You can always tell Vince is on a roll when he starts firing off those “notwithstandings”: “Let’s face it, as a good businessman, I don’t want talent that isn’t well. They can’t perform. They can’t perform at their highest level, and they won’t be with us. So, obviously, I want talent to be healthy. Notwithstanding the fact that I am a human being and want other human beings to be healthy ...”
Asked about Dave Meltzer, who publishes the Wrestling Observer Newsletter, McMahon says, “I’m not familiar with anything Dave Meltzer writes. He’s a gossip columnist.”
Reminded that sportswriting legend Frank Deford did a National Public Radio commentary on Meltzer’s study of wrestling deaths, McMahon says Deford “has no sense of humor.” This is one of the ultimate Vince insults; he said the same thing about the World Wildlife Fund when the original WWF went to court to force the squatting WWF to change its name to WWE.
On Deford, McMahon tells of a time he went bowling with his fellow Connecticut resident, who got upset at him because “I borrowed one of his shoes and he never found it.” Even McDevitt allows, “I never heard that one.”

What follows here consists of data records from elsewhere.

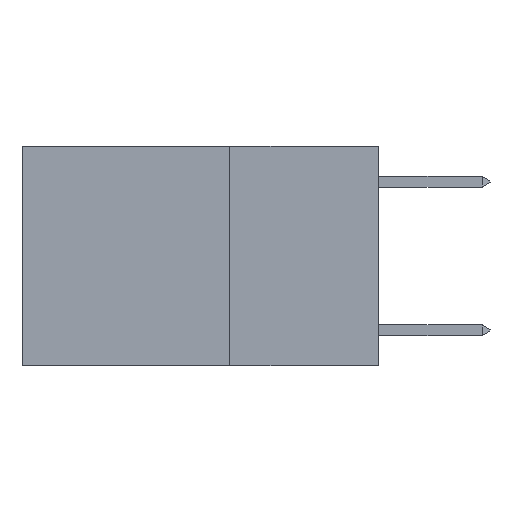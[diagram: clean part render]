
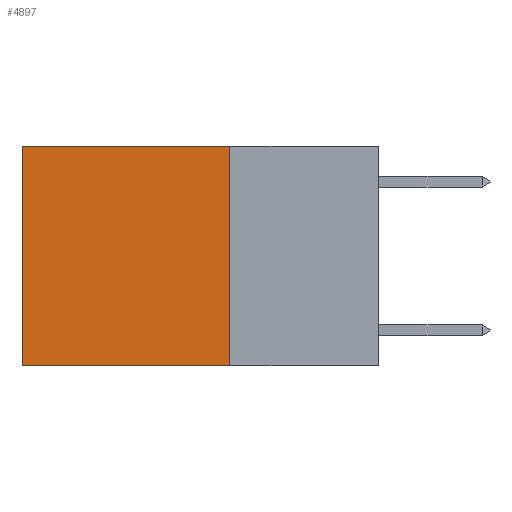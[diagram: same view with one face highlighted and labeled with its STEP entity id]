
A CAD part, left-side view. The second image highlights one B-rep face of the part: STEP entity #4897.
In plain terms, the highlighted planar face has unit normal (-1, 0, 0).
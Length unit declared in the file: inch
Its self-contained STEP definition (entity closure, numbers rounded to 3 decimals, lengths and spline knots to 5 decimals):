
#554 = FACE_OUTER_BOUND ( 'NONE', #9585, .T. ) ;
#3774 = CARTESIAN_POINT ( 'NONE',  ( 0.2625, 0.25, 0. ) ) ;
#4897 = ADVANCED_FACE ( 'NONE', ( #554 ), #28182, .F. ) ;
#6257 = EDGE_CURVE ( 'NONE', #13635, #18686, #15533, .T. ) ;
#6866 = VERTEX_POINT ( 'NONE', #9687 ) ;
#7283 = VECTOR ( 'NONE', #21103, 39.37008 ) ;
#8915 = DIRECTION ( 'NONE',  ( 0., 0., -1. ) ) ;
#9257 = ORIENTED_EDGE ( 'NONE', *, *, #12998, .T. ) ;
#9408 = VECTOR ( 'NONE', #27894, 39.37008 ) ;
#9585 = EDGE_LOOP ( 'NONE', ( #18133, #30282, #21649, #9257 ) ) ;
#9687 = CARTESIAN_POINT ( 'NONE',  ( 0.2625, 0.6, 0. ) ) ;
#11614 = LINE ( 'NONE', #28450, #16113 ) ;
#11708 = EDGE_CURVE ( 'NONE', #18482, #13635, #26796, .T. ) ;
#12394 = CARTESIAN_POINT ( 'NONE',  ( 0.2625, 0.25, -0.37 ) ) ;
#12998 = EDGE_CURVE ( 'NONE', #18482, #6866, #11614, .T. ) ;
#13301 = DIRECTION ( 'NONE',  ( 1., 0., 0. ) ) ;
#13635 = VERTEX_POINT ( 'NONE', #12394 ) ;
#15533 = LINE ( 'NONE', #29847, #7283 ) ;
#16113 = VECTOR ( 'NONE', #28340, 39.37008 ) ;
#16334 = AXIS2_PLACEMENT_3D ( 'NONE', #3774, #13301, #8915 ) ;
#16591 = VECTOR ( 'NONE', #25433, 39.37008 ) ;
#18133 = ORIENTED_EDGE ( 'NONE', *, *, #29879, .T. ) ;
#18482 = VERTEX_POINT ( 'NONE', #30061 ) ;
#18686 = VERTEX_POINT ( 'NONE', #30505 ) ;
#20630 = CARTESIAN_POINT ( 'NONE',  ( 0.2625, 0.6, 0. ) ) ;
#21103 = DIRECTION ( 'NONE',  ( 0., 1., 0. ) ) ;
#21649 = ORIENTED_EDGE ( 'NONE', *, *, #11708, .F. ) ;
#22993 = CARTESIAN_POINT ( 'NONE',  ( 0.2625, 0.25, 0. ) ) ;
#25433 = DIRECTION ( 'NONE',  ( 0., 0., -1. ) ) ;
#26796 = LINE ( 'NONE', #22993, #16591 ) ;
#27894 = DIRECTION ( 'NONE',  ( 0., 0., -1. ) ) ;
#28182 = PLANE ( 'NONE',  #16334 ) ;
#28340 = DIRECTION ( 'NONE',  ( 0., 1., 0. ) ) ;
#28450 = CARTESIAN_POINT ( 'NONE',  ( 0.2625, 0.25, 0. ) ) ;
#28649 = LINE ( 'NONE', #20630, #9408 ) ;
#29847 = CARTESIAN_POINT ( 'NONE',  ( 0.2625, 0.25, -0.37 ) ) ;
#29879 = EDGE_CURVE ( 'NONE', #6866, #18686, #28649, .T. ) ;
#30061 = CARTESIAN_POINT ( 'NONE',  ( 0.2625, 0.25, 0. ) ) ;
#30282 = ORIENTED_EDGE ( 'NONE', *, *, #6257, .F. ) ;
#30505 = CARTESIAN_POINT ( 'NONE',  ( 0.2625, 0.6, -0.37 ) ) ;

When McMahon is asked about the death list in a book entitled Wrestling Babylon, McDevitt interjects, “I think that’s the one he had a couple of people on the list twice.” I don’t know what you’re talking about, Jerry, but thanks for the plug!
Needless to say, the underlying facts of the Congressional investigation are not funny. Lives could be saved if WWE took responsibility for its leadership of what, at the top, is an enormously profitable industry, and for some proportionality between entertainment and human values.
But Congressman Waxman and his people didn’t have the stamina for a no-DQ tilt with the McMahon-McDevitt tag team. They’ve moved on to material with more immediate political gratification. That means an opportunity has been lost, and the death lists will continue to grow.